**Aim of the task**
How many separate lines of the data contain "Select"? Give the count and nothing else.

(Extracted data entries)
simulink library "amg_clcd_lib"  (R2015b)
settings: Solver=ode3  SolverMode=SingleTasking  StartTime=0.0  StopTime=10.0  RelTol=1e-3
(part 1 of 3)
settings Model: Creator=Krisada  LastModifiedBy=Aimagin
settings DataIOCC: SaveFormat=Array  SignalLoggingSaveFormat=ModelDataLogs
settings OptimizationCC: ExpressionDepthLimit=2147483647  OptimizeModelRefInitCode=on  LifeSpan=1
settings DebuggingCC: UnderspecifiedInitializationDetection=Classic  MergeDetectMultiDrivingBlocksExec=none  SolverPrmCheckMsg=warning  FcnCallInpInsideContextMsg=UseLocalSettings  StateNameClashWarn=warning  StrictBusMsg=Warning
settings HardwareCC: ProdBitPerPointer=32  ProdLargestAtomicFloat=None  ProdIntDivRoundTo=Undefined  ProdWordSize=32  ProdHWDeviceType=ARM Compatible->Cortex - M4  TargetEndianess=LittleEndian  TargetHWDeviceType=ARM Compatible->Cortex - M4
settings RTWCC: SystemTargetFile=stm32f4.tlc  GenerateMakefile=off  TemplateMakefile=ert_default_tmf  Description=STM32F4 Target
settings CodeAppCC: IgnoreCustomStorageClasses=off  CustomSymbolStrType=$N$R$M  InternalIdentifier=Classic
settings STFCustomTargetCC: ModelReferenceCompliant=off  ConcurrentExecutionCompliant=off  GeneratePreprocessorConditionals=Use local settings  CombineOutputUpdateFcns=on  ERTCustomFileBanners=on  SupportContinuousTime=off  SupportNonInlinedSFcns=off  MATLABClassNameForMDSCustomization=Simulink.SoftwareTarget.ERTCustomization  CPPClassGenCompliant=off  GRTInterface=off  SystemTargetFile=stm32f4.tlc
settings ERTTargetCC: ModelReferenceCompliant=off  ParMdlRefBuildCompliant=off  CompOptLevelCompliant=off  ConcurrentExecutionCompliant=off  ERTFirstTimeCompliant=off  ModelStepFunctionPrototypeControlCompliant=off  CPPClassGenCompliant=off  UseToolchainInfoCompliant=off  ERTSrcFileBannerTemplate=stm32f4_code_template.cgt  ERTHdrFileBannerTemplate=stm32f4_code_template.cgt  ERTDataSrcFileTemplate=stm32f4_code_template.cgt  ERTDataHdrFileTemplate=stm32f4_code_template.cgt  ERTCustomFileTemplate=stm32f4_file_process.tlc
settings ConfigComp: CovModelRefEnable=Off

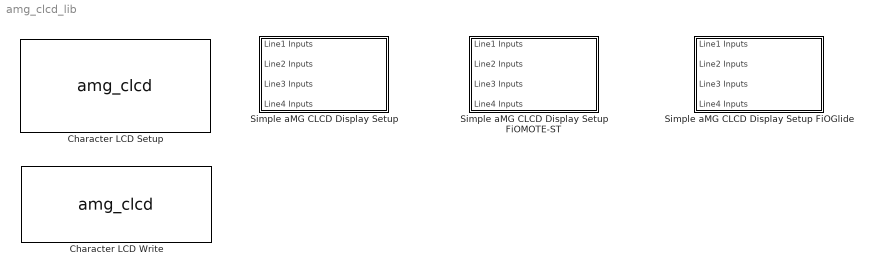
== system amg_clcd_lib ==
  Character LCD Setup : S-Function  FunctionName=amg_clcd  Parameters=module,configuration,inputtypearray,outputtypearray,confstr,sampletime,sampletimestr,blockid  SFunctionDeploymentMode=off  EnableBusSupport=off  mask(amg_clcd){configuration=Setup, module=1, model=amg CLCD Std, interface=4-bits, linecount=4, columncount=16, gpiotype=Push-pull, controlport=E, control_rs=7, control_rw=8, control_en=9, dataport_low=C, dataport=E, datalow0=8, datalow1=9, datalow2=10, datalow3=11, data0=12, data1=13, data2=14, data3=15, usestringbuffer=off, stringbuffer=<empty>, varname=, inputtypearray=[0], outputtypearray=[0], confstr=["4","4","16","PP","E","7","9","8","C","E","8","9","10","11","12","13","14","15","0","","0","0","1","0","1","0","0","0","0","stm32f0"], sampletime=-1, sampletimestr=0, blockid=CharacterLCDSetup}
      mask prompts: model "LCD model:"; linecount "Number of lines (2 or 4):"; columncount "Number of columns (16 or 20):"; gpiotype "GPIO Output type:"; controlport "GPIO control port:"; control_rs "GPIO control pin, RS:"; control_rw "GPIO control pin, RW:"; control_en "GPIO control pin, EN:"; dataport_low "GPIO data D[3:0] port"; dataport "GPIO data D[7:4] port"; datalow0 "GPIO data pin, D0:"; datalow1 "GPIO data pin, D1:"; datalow2 "GPIO data pin, D2:"; datalow3 "GPIO data pin, D3:"; data0 "GPIO data pin, D4:"; data1 "GPIO data pin, D5:"; data2 "GPIO data pin, D6:"; data3 "GPIO data pin, D7:"; usestringbuffer "Use string buffer"; stringbuffer "String buffer"; varname "Variable name"; inputtypearray "Input type array"; outputtypearray "Output type array"; confstr "Configuration string"; sampletime "Sample time (sec)"; sampletimestr "Compiled sample time (sec) in string"
      mask help:
      | Interface:
      |  - Select LCD data pin count to 4 or 8 line.
      |
      | Number of columns:
      |  - Select 16 for LCD 1x16, 2x16 or 4x16 characters.
      |  - Select 20 for LCD 1x20, 2x20 or 4x20 characters.
      |
      | GPIO Output type:
      |  - Select Push-Pull to drive 3.3V push-pull from MCU.
      |  - Select Open-Drain to allow external 5V pull-up.
      mask init:
      | amg_clcd_callback('init');
      mask Help: web(fullfile(waijungdocroot,'amg_clcd_setup.htm'), '-browser')
      mask TypeOptions configuration: Setup | Transaction
      mask Callback configuration: amg_clcd_callback('configuration');
      mask TypeOptions module: 1 | 2 | 3 | 4
      mask TypeOptions model: amg CLCD Std
      mask TypeOptions interface: 4-bits | 8-bits
      mask Callback interface: amg_clcd_callback('interface');
      mask TypeOptions gpiotype: Push-pull | Open-drain
      mask TypeOptions controlport: A | B | C | D | E | F | G | H | I
      mask TypeOptions control_rs: 0 | 1 | 2 | 3 | 4 | 5 | 6 | 7 | 8 | 9 | 10 | 11 | 12 | 13 | 14 | 15
      mask TypeOptions control_rw: 0 | 1 | 2 | 3 | 4 | 5 | 6 | 7 | 8 | 9 | 10 | 11 | 12 | 13 | 14 | 15
      mask TypeOptions control_en: 0 | 1 | 2 | 3 | 4 | 5 | 6 | 7 | 8 | 9 | 10 | 11 | 12 | 13 | 14 | 15
      mask TypeOptions dataport_low: A | B | C | D | E | F | G | H | I
      mask TypeOptions dataport: A | B | C | D | E | F | G | H | I
      mask TypeOptions datalow0: 0 | 1 | 2 | 3 | 4 | 5 | 6 | 7 | 8 | 9 | 10 | 11 | 12 | 13 | 14 | 15
      mask TypeOptions datalow1: 0 | 1 | 2 | 3 | 4 | 5 | 6 | 7 | 8 | 9 | 10 | 11 | 12 | 13 | 14 | 15
      mask TypeOptions datalow2: 0 | 1 | 2 | 3 | 4 | 5 | 6 | 7 | 8 | 9 | 10 | 11 | 12 | 13 | 14 | 15
      mask TypeOptions datalow3: 0 | 1 | 2 | 3 | 4 | 5 | 6 | 7 | 8 | 9 | 10 | 11 | 12 | 13 | 14 | 15
      mask TypeOptions data0: 0 | 1 | 2 | 3 | 4 | 5 | 6 | 7 | 8 | 9 | 10 | 11 | 12 | 13 | 14 | 15
      mask TypeOptions data1: 0 | 1 | 2 | 3 | 4 | 5 | 6 | 7 | 8 | 9 | 10 | 11 | 12 | 13 | 14 | 15
      mask TypeOptions data2: 0 | 1 | 2 | 3 | 4 | 5 | 6 | 7 | 8 | 9 | 10 | 11 | 12 | 13 | 14 | 15
      mask TypeOptions data3: 0 | 1 | 2 | 3 | 4 | 5 | 6 | 7 | 8 | 9 | 10 | 11 | 12 | 13 | 14 | 15
      mask Callback usestringbuffer: amg_clcd_callback('usestringbuffer');
      mask TypeOptions stringbuffer: <empty>
      mask Callback varname: amg_clcd_callback('varname');
      mask Callback confstr: amg_clcd_callback('confstr');
      mask Callback sampletime: amg_clcd_callback('sampletime');
      mask Callback sampletimestr: amg_clcd_callback('sampletimestr');
      mask Callback blockid: amg_clcd_callback('blockid');
      mask Display: text(0.5, 0.5, 'Module: CLCD1 (Setup)\nInterface: 4-bits\nCntrl: E7/E8/E9\nD[7:4]: E12/E13/E14/E15\nTs (sec): 0','ver','middle','hor','center');
  Character LCD Write : S-Function  FunctionName=amg_clcd  Parameters=module,configuration,inputtypearray,outputtypearray,confstr,sampletime,sampletimestr,blockid  SFunctionDeploymentMode=off  EnableBusSupport=off  mask(amg_clcd){configuration=Transaction, module=1, model=amg CLCD Std, interface=4-bits, linecount=4, columncount=20, gpiotype=Push-pull, controlport=E, control_rs=15, control_rw=13, control_en=11, dataport=A, data0=7, data1=5, data2=3, data3=1, usestringbuffer=off, stringbuffer=<empty>, varname=, inputtypearray=[4 -1 -1 -1 -1], outputtypearray=[0], confstr=["4","4","20","PP","E","15","11","13","","A","","","","","7","5","3","1","0","","1","0","0","0","1","0","0","0","0","stm32f0"], sampletime=-1, sampletimestr=0, blockid=CharacterLCDWrite}
      mask prompts: model "LCD model:"; linecount "Number of lines:"; columncount "Number of columns:"; gpiotype "GPIO Output type:"; controlport "GPIO control port:"; control_rs "GPIO control pin, RS:"; control_rw "GPIO control pin, RW:"; control_en "GPIO control pin, EN:"; dataport "GPIO data D[7:4] port"; data0 "GPIO data pin, D4:"; data1 "GPIO data pin, D5:"; data2 "GPIO data pin, D6:"; data3 "GPIO data pin, D7:"; usestringbuffer "Use string buffer"; stringbuffer "String buffer"; varname "Variable name"; inputtypearray "Input type array"; outputtypearray "Output type array"; confstr "Configuration string"; sampletime "Sample time (sec)"; sampletimestr "Compiled sample time (sec) in string"
      mask help:
      | Note for cmd:
      | 1 - Clear specified LCD line display before write data to LCD.
      | Otherwise (e.g. 0) - Write data without clearing LCD Line.
      |
      | Position:
      | x = 0, First Character (from left to right)
      | y = 0, Top Line
      mask init:
      | amg_clcd_callback('init');
      mask Help: web(fullfile(waijungdocroot,'amg_clcd_write.htm'), '-browser')
      mask TypeOptions configuration: Setup | Transaction
      mask Callback configuration: amg_clcd_callback('configuration');
      mask TypeOptions module: 1 | 2 | 3 | 4
      mask TypeOptions model: amg CLCD Std
      mask TypeOptions interface: 4-bits
      mask TypeOptions gpiotype: Push-pull | Open-drain
      mask TypeOptions controlport: A | B | C | D | E | F | G | H | I
      mask TypeOptions control_rs: 0 | 1 | 2 | 3 | 4 | 5 | 6 | 7 | 8 | 9 | 10 | 11 | 12 | 13 | 14 | 15
      mask TypeOptions control_rw: 0 | 1 | 2 | 3 | 4 | 5 | 6 | 7 | 8 | 9 | 10 | 11 | 12 | 13 | 14 | 15
      mask TypeOptions control_en: 0 | 1 | 2 | 3 | 4 | 5 | 6 | 7 | 8 | 9 | 10 | 11 | 12 | 13 | 14 | 15
      mask TypeOptions dataport: A | B | C | D | E | F | G | H | I
      mask TypeOptions data0: 0 | 1 | 2 | 3 | 4 | 5 | 6 | 7 | 8 | 9 | 10 | 11 | 12 | 13 | 14 | 15
      mask TypeOptions data1: 0 | 1 | 2 | 3 | 4 | 5 | 6 | 7 | 8 | 9 | 10 | 11 | 12 | 13 | 14 | 15
      mask TypeOptions data2: 0 | 1 | 2 | 3 | 4 | 5 | 6 | 7 | 8 | 9 | 10 | 11 | 12 | 13 | 14 | 15
      mask TypeOptions data3: 0 | 1 | 2 | 3 | 4 | 5 | 6 | 7 | 8 | 9 | 10 | 11 | 12 | 13 | 14 | 15
      mask Callback usestringbuffer: amg_clcd_callback('usestringbuffer');
      mask TypeOptions stringbuffer: Line1 | Line2 | Line3 | Line4 | Line1 | Line2 | Line3 | Line4 | Line1 | Line2 | Line3 | Line4 | <empty>
      mask Callback varname: amg_clcd_callback('varname');
      mask Callback confstr: amg_clcd_callback('confstr');
      mask Callback sampletime: amg_clcd_callback('sampletime');
      mask Callback sampletimestr: amg_clcd_callback('sampletimestr');
      mask Callback blockid: amg_clcd_callback('blockid');
      mask Display: text(0.5, 0.5, 'Module: CLCD1 (Write)\nTs (sec): 0','ver','middle','hor','center');port_label('input', 1,'cmd');port_label('input', 2,'xpos');port_label('input', 3,'ypos');port_label('input', 4,'str');
  Simple aMG CLCD Display Setup : Subsystem
      settings: CopyFcn=set_param(gcbh, 'LinkStatus', 'none')
  Simple aMG CLCD Display Setup FiOGlide : Subsystem
      settings: CopyFcn=set_param(gcbh, 'LinkStatus', 'none')
  Simple aMG CLCD Display Setup FiOMOTE-ST : Subsystem
      settings: CopyFcn=set_param(gcbh, 'LinkStatus', 'none')

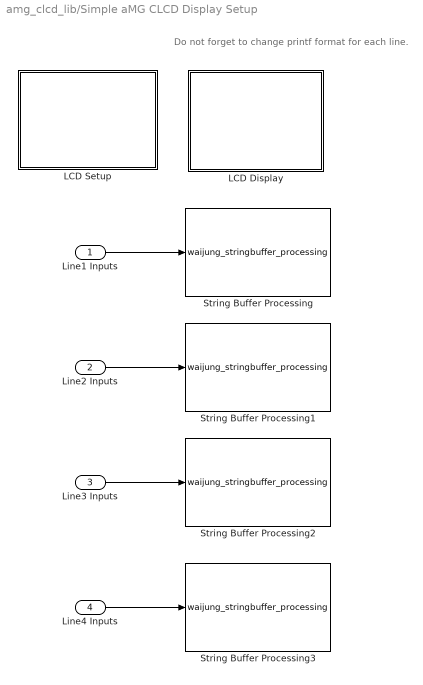
== system amg_clcd_lib/Simple aMG CLCD Display Setup ==
  note: Do not forget to change printf format for each line.
  Line1 Inputs : Inport
  Line2 Inputs : Inport  Port=2
  Line3 Inputs : Inport  Port=3
  Line4 Inputs : Inport  Port=4
  LCD Display : Subsystem
  LCD Setup : Subsystem
  String Buffer Processing : S-Function  FunctionName=waijung_stringbuffer_processing  Parameters=configuration,varname,sformat,porttypes,portcount,inputtypearray,outputtypearray,sampletime,sampletimestr,blockid  SFunctionDeploymentMode=off  EnableBusSupport=off  mask(waijung_stringbuffer_processing){configuration=sprintf, storagename=Line1, sformat='%u', enableoutput=off, varname=SimpleaMGCLCDDisplaySetupLCDSetupVolatileDataStorage_Line1, inputtypearray=[1 -1], outputtypearray=[0], porttypes=["uint32_t"], portcount=1, sampletime=-1, sampletimestr=0, blockid=SimpleaMGCLCDDisplaySetupStringBufferProcessing}
      mask prompts: configuration "Function"; storagename "String buffer"; sformat "Printf format"; enableoutput "Enable output status"; varname "Variable name"; inputtypearray "Input type array"; outputtypearray "Output type array"; porttypes "Port type list"; portcount "Port type count"; sampletime "Sample time (sec)"; sampletimestr "Compiled sample time (sec) in string"
      mask help:
      | This block implements string processing, sprintf/ sscanf command.
      | Supported format:
      | %u, %i, %o, %x: uint32
      | %d: int32
      | %e, %g, %f: single
      | %c: int8
      |
      | Status:
      |  0: Failed.
      |  Non-zero: Success.
      mask init:
      | waijung_stringbuffer_processing_callback('init');
      mask Help: web(fullfile(waijungdocroot,'String_Buffer_Processing.htm'))
      mask TypeOptions configuration: sprintf | sscanf
      mask Callback configuration: waijung_stringbuffer_processing_callback('configuration');
      mask TypeOptions storagename: Line1 | Line2 | Line3 | Line4 | Line1 | Line2 | Line3 | Line4 | Line1 | Line2 | Line3 | Line4 | <output>
      mask Callback sformat: waijung_stringbuffer_processing_callback('sformat');
      mask Callback enableoutput: waijung_stringbuffer_processing_callback('enableoutput');
      mask Callback sampletime: waijung_stringbuffer_processing_callback('sampletime');
      mask Callback sampletimestr: waijung_stringbuffer_processing_callback('sampletimestr');
      mask Callback blockid: waijung_stringbuffer_processing_callback('blockid');
      mask Display: text(0.5, 0.5, '[ sprintf ]\nBuffer: Line1\nTs (sec): 0','ver','middle','hor','center');port_label('input', 1,'%u');
  String Buffer Processing1 : S-Function  FunctionName=waijung_stringbuffer_processing  Parameters=configuration,varname,sformat,porttypes,portcount,inputtypearray,outputtypearray,sampletime,sampletimestr,blockid  SFunctionDeploymentMode=off  EnableBusSupport=off  mask(waijung_stringbuffer_processing){configuration=sprintf, storagename=Line2, sformat='%u', enableoutput=off, varname=SimpleaMGCLCDDisplaySetupLCDSetupVolatileDataStorage1_Line2, inputtypearray=[1 -1], outputtypearray=[0], porttypes=["uint32_t"], portcount=1, sampletime=-1, sampletimestr=0, blockid=SimpleaMGCLCDDisplaySetupStringBufferProcessing1}
      mask prompts: configuration "Function"; storagename "String buffer"; sformat "Printf format"; enableoutput "Enable output status"; varname "Variable name"; inputtypearray "Input type array"; outputtypearray "Output type array"; porttypes "Port type list"; portcount "Port type count"; sampletime "Sample time (sec)"; sampletimestr "Compiled sample time (sec) in string"
      mask help:
      | This block implements string processing, sprintf/ sscanf command.
      | Supported format:
      | %u, %i, %o, %x: uint32
      | %d: int32
      | %e, %g, %f: single
      | %c: int8
      |
      | Status:
      |  0: Failed.
      |  Non-zero: Success.
      mask init:
      | waijung_stringbuffer_processing_callback('init');
      mask Help: web(fullfile(waijungdocroot,'String_Buffer_Processing.htm'))
      mask TypeOptions configuration: sprintf | sscanf
      mask Callback configuration: waijung_stringbuffer_processing_callback('configuration');
      mask TypeOptions storagename: Line1 | Line2 | Line3 | Line4 | Line1 | Line2 | Line3 | Line4 | Line1 | Line2 | Line3 | Line4 | <output>
      mask Callback sformat: waijung_stringbuffer_processing_callback('sformat');
      mask Callback enableoutput: waijung_stringbuffer_processing_callback('enableoutput');
      mask Callback sampletime: waijung_stringbuffer_processing_callback('sampletime');
      mask Callback sampletimestr: waijung_stringbuffer_processing_callback('sampletimestr');
      mask Callback blockid: waijung_stringbuffer_processing_callback('blockid');
      mask Display: text(0.5, 0.5, '[ sprintf ]\nBuffer: Line2\nTs (sec): 0','ver','middle','hor','center');port_label('input', 1,'%u');
  String Buffer Processing2 : S-Function  FunctionName=waijung_stringbuffer_processing  Parameters=configuration,varname,sformat,porttypes,portcount,inputtypearray,outputtypearray,sampletime,sampletimestr,blockid  SFunctionDeploymentMode=off  EnableBusSupport=off  mask(waijung_stringbuffer_processing){configuration=sprintf, storagename=Line3, sformat='%u', enableoutput=off, varname=SimpleaMGCLCDDisplaySetupLCDSetupVolatileDataStorage2_Line3, inputtypearray=[1 -1], outputtypearray=[0], porttypes=["uint32_t"], portcount=1, sampletime=-1, sampletimestr=0, blockid=SimpleaMGCLCDDisplaySetupStringBufferProcessing2}
      mask prompts: configuration "Function"; storagename "String buffer"; sformat "Printf format"; enableoutput "Enable output status"; varname "Variable name"; inputtypearray "Input type array"; outputtypearray "Output type array"; porttypes "Port type list"; portcount "Port type count"; sampletime "Sample time (sec)"; sampletimestr "Compiled sample time (sec) in string"
      mask help:
      | This block implements string processing, sprintf/ sscanf command.
      | Supported format:
      | %u, %i, %o, %x: uint32
      | %d: int32
      | %e, %g, %f: single
      | %c: int8
      |
      | Status:
      |  0: Failed.
      |  Non-zero: Success.
      mask init:
      | waijung_stringbuffer_processing_callback('init');
      mask Help: web(fullfile(waijungdocroot,'String_Buffer_Processing.htm'))
      mask TypeOptions configuration: sprintf | sscanf
      mask Callback configuration: waijung_stringbuffer_processing_callback('configuration');
      mask TypeOptions storagename: Line1 | Line2 | Line3 | Line4 | Line1 | Line2 | Line3 | Line4 | Line1 | Line2 | Line3 | Line4 | <output>
      mask Callback sformat: waijung_stringbuffer_processing_callback('sformat');
      mask Callback enableoutput: waijung_stringbuffer_processing_callback('enableoutput');
      mask Callback sampletime: waijung_stringbuffer_processing_callback('sampletime');
      mask Callback sampletimestr: waijung_stringbuffer_processing_callback('sampletimestr');
      mask Callback blockid: waijung_stringbuffer_processing_callback('blockid');
      mask Display: text(0.5, 0.5, '[ sprintf ]\nBuffer: Line3\nTs (sec): 0','ver','middle','hor','center');port_label('input', 1,'%u');
  String Buffer Processing3 : S-Function  FunctionName=waijung_stringbuffer_processing  Parameters=configuration,varname,sformat,porttypes,portcount,inputtypearray,outputtypearray,sampletime,sampletimestr,blockid  SFunctionDeploymentMode=off  EnableBusSupport=off  mask(waijung_stringbuffer_processing){configuration=sprintf, storagename=Line4, sformat='%u', enableoutput=off, varname=SimpleaMGCLCDDisplaySetupLCDSetupVolatileDataStorage3_Line4, inputtypearray=[1 -1], outputtypearray=[0], porttypes=["uint32_t"], portcount=1, sampletime=-1, sampletimestr=0, blockid=SimpleaMGCLCDDisplaySetupStringBufferProcessing3}
      mask prompts: configuration "Function"; storagename "String buffer"; sformat "Printf format"; enableoutput "Enable output status"; varname "Variable name"; inputtypearray "Input type array"; outputtypearray "Output type array"; porttypes "Port type list"; portcount "Port type count"; sampletime "Sample time (sec)"; sampletimestr "Compiled sample time (sec) in string"
      mask help:
      | This block implements string processing, sprintf/ sscanf command.
      | Supported format:
      | %u, %i, %o, %x: uint32
      | %d: int32
      | %e, %g, %f: single
      | %c: int8
      |
      | Status:
      |  0: Failed.
      |  Non-zero: Success.
      mask init:
      | waijung_stringbuffer_processing_callback('init');
      mask Help: web(fullfile(waijungdocroot,'String_Buffer_Processing.htm'))
      mask TypeOptions configuration: sprintf | sscanf
      mask Callback configuration: waijung_stringbuffer_processing_callback('configuration');
      mask TypeOptions storagename: Line1 | Line2 | Line3 | Line4 | Line1 | Line2 | Line3 | Line4 | Line1 | Line2 | Line3 | Line4 | <output>
      mask Callback sformat: waijung_stringbuffer_processing_callback('sformat');
      mask Callback enableoutput: waijung_stringbuffer_processing_callback('enableoutput');
      mask Callback sampletime: waijung_stringbuffer_processing_callback('sampletime');
      mask Callback sampletimestr: waijung_stringbuffer_processing_callback('sampletimestr');
      mask Callback blockid: waijung_stringbuffer_processing_callback('blockid');
      mask Display: text(0.5, 0.5, '[ sprintf ]\nBuffer: Line4\nTs (sec): 0','ver','middle','hor','center');port_label('input', 1,'%u');
  wires:
  Line1 Inputs/1 -> String Buffer Processing/1
  Line2 Inputs/1 -> String Buffer Processing1/1
  Line3 Inputs/1 -> String Buffer Processing2/1
  Line4 Inputs/1 -> String Buffer Processing3/1

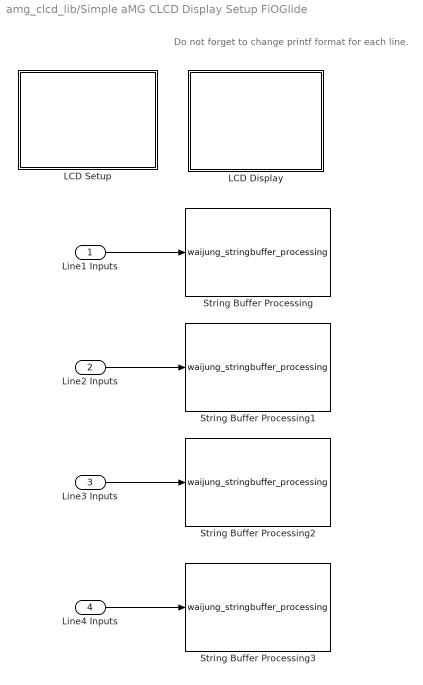
== system amg_clcd_lib/Simple aMG CLCD Display Setup FiOGlide ==
  note: Do not forget to change printf format for each line.
  Line1 Inputs : Inport
  Line2 Inputs : Inport  Port=2
  Line3 Inputs : Inport  Port=3
  Line4 Inputs : Inport  Port=4
  LCD Display : Subsystem
  LCD Setup : Subsystem
  String Buffer Processing : S-Function  FunctionName=waijung_stringbuffer_processing  Parameters=configuration,varname,sformat,porttypes,portcount,inputtypearray,outputtypearray,sampletime,sampletimestr,blockid  SFunctionDeploymentMode=off  EnableBusSupport=off  mask(waijung_stringbuffer_processing){configuration=sprintf, storagename=Line1, sformat='%u', enableoutput=off, varname=SimpleaMGCLCDDisplaySetupLCDSetupVolatileDataStorage_Line1, inputtypearray=[1 -1], outputtypearray=[0], porttypes=["uint32_t"], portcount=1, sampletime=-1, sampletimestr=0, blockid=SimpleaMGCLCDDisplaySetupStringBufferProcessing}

**Output of the exercise**
5